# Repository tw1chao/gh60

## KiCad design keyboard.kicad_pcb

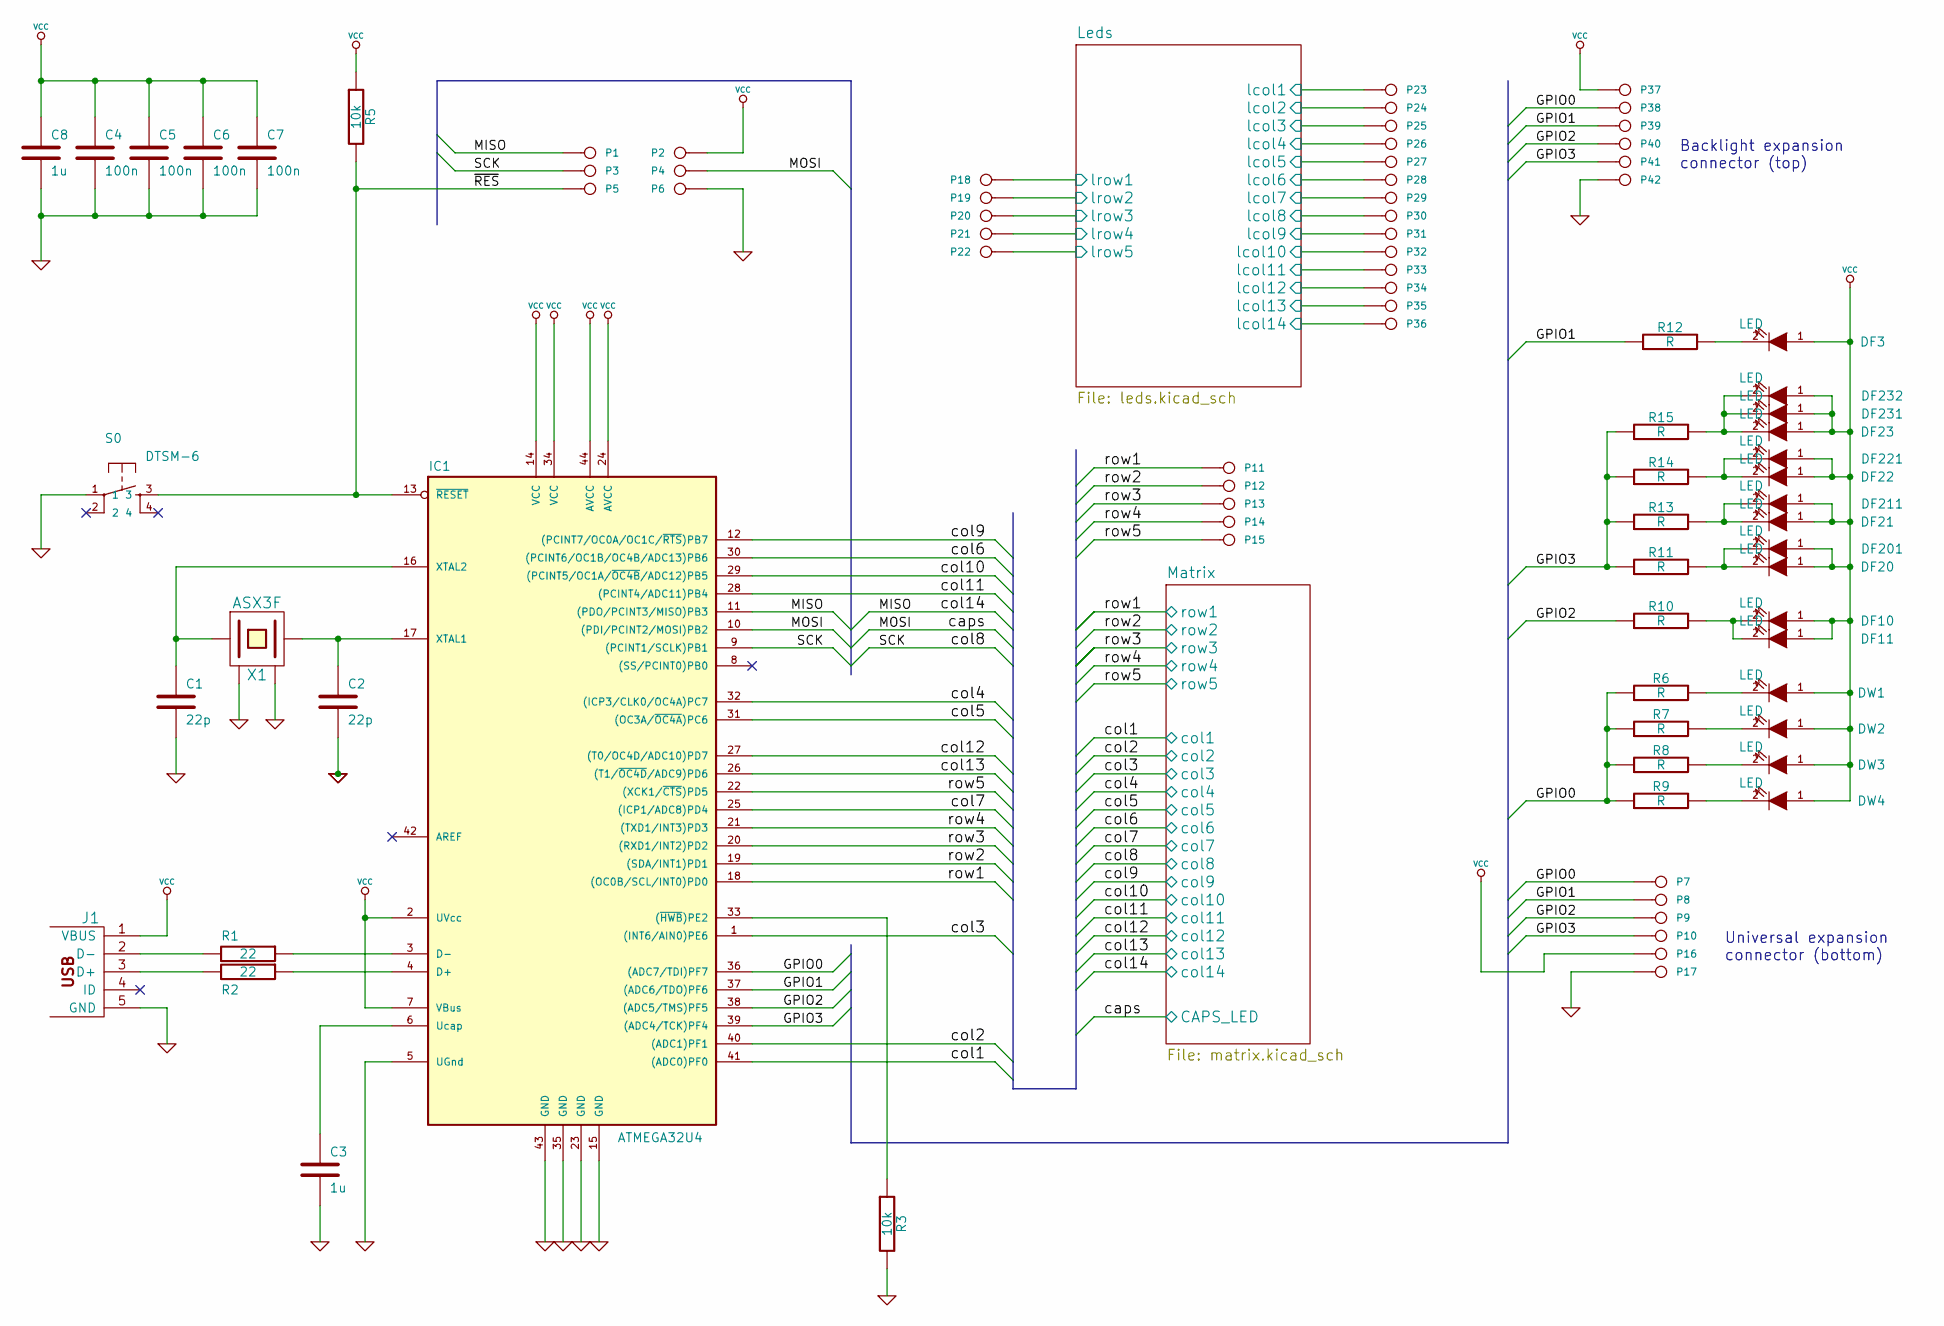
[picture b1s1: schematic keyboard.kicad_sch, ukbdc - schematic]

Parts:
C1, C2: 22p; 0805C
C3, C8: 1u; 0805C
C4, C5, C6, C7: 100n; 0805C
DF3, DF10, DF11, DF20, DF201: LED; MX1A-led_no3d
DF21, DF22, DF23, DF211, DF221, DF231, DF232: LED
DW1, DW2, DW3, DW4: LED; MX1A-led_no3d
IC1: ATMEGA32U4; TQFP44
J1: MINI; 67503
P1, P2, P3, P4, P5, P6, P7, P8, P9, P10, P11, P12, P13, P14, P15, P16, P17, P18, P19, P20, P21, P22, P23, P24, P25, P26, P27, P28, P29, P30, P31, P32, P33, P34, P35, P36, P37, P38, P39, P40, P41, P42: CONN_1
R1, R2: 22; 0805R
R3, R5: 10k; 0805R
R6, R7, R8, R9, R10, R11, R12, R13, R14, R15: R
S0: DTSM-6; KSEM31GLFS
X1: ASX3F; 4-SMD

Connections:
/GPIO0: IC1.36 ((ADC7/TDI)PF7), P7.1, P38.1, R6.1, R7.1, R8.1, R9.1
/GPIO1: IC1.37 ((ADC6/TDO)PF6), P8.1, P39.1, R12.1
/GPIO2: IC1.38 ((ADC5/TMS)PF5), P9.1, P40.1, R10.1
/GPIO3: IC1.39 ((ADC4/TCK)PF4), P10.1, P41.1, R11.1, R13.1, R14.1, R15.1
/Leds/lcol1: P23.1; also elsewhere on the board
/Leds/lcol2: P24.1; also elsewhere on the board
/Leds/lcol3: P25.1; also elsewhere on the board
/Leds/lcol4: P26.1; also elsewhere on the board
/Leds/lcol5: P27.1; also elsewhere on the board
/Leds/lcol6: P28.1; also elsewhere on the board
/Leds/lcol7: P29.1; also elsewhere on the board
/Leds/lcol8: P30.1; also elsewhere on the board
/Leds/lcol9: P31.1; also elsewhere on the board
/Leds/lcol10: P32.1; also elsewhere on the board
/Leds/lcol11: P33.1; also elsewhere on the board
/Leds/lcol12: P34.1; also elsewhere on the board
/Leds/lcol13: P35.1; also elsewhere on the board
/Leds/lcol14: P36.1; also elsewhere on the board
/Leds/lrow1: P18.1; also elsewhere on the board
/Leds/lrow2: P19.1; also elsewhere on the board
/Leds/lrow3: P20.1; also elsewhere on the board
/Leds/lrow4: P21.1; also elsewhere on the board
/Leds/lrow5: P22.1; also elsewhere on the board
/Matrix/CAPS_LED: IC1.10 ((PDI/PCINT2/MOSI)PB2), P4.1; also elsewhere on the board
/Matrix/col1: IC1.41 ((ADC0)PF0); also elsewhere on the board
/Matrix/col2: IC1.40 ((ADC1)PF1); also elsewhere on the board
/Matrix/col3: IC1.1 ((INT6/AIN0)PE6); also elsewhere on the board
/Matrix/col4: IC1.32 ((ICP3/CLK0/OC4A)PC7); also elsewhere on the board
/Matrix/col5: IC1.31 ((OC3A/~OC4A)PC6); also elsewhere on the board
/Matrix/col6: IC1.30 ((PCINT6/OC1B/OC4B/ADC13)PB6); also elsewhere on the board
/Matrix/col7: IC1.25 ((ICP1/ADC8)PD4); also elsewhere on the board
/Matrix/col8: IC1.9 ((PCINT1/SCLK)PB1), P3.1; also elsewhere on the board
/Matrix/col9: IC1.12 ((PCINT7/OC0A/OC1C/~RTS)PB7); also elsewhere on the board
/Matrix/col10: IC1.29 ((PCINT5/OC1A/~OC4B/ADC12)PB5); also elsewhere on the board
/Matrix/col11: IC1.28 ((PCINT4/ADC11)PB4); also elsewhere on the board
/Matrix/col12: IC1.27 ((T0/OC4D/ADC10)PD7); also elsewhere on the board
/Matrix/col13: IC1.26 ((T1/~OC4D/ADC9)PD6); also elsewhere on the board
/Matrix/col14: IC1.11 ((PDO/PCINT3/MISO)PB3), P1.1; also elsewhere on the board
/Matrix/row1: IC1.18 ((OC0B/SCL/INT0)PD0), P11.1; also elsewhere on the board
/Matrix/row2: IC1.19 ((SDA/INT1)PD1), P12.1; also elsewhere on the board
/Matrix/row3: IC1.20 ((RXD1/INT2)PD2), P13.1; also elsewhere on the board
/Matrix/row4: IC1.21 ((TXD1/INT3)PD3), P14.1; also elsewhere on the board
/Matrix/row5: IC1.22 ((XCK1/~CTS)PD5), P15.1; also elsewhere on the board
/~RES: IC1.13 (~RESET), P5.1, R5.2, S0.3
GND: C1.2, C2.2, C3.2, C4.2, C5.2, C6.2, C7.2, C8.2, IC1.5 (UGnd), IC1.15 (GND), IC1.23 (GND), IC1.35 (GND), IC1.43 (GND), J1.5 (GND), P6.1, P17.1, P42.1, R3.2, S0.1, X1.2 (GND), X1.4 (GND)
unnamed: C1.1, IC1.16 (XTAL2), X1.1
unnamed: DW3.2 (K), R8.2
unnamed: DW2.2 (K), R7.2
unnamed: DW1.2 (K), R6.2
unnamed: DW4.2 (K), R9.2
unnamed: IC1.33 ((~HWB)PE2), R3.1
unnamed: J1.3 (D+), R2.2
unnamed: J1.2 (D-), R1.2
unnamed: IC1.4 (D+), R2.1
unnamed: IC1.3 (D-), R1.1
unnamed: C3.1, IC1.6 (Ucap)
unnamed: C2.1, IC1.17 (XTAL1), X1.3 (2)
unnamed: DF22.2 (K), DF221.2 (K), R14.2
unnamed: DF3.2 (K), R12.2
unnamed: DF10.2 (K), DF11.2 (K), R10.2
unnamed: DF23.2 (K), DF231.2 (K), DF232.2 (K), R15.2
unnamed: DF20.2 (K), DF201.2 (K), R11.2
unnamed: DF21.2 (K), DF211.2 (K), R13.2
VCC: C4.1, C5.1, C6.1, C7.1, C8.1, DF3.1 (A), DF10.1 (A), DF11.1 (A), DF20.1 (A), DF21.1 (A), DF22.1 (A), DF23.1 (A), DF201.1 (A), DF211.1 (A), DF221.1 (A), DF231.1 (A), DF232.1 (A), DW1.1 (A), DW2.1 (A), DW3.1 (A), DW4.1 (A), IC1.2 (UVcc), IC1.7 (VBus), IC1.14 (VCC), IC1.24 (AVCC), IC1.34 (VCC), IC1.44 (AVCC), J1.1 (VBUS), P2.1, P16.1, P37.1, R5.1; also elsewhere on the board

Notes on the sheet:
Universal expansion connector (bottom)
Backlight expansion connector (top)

[TASK STATEMENT] Determine how many lines above contain "keyboard" and respond with that number only.

[EXPECTED ANSWER] 2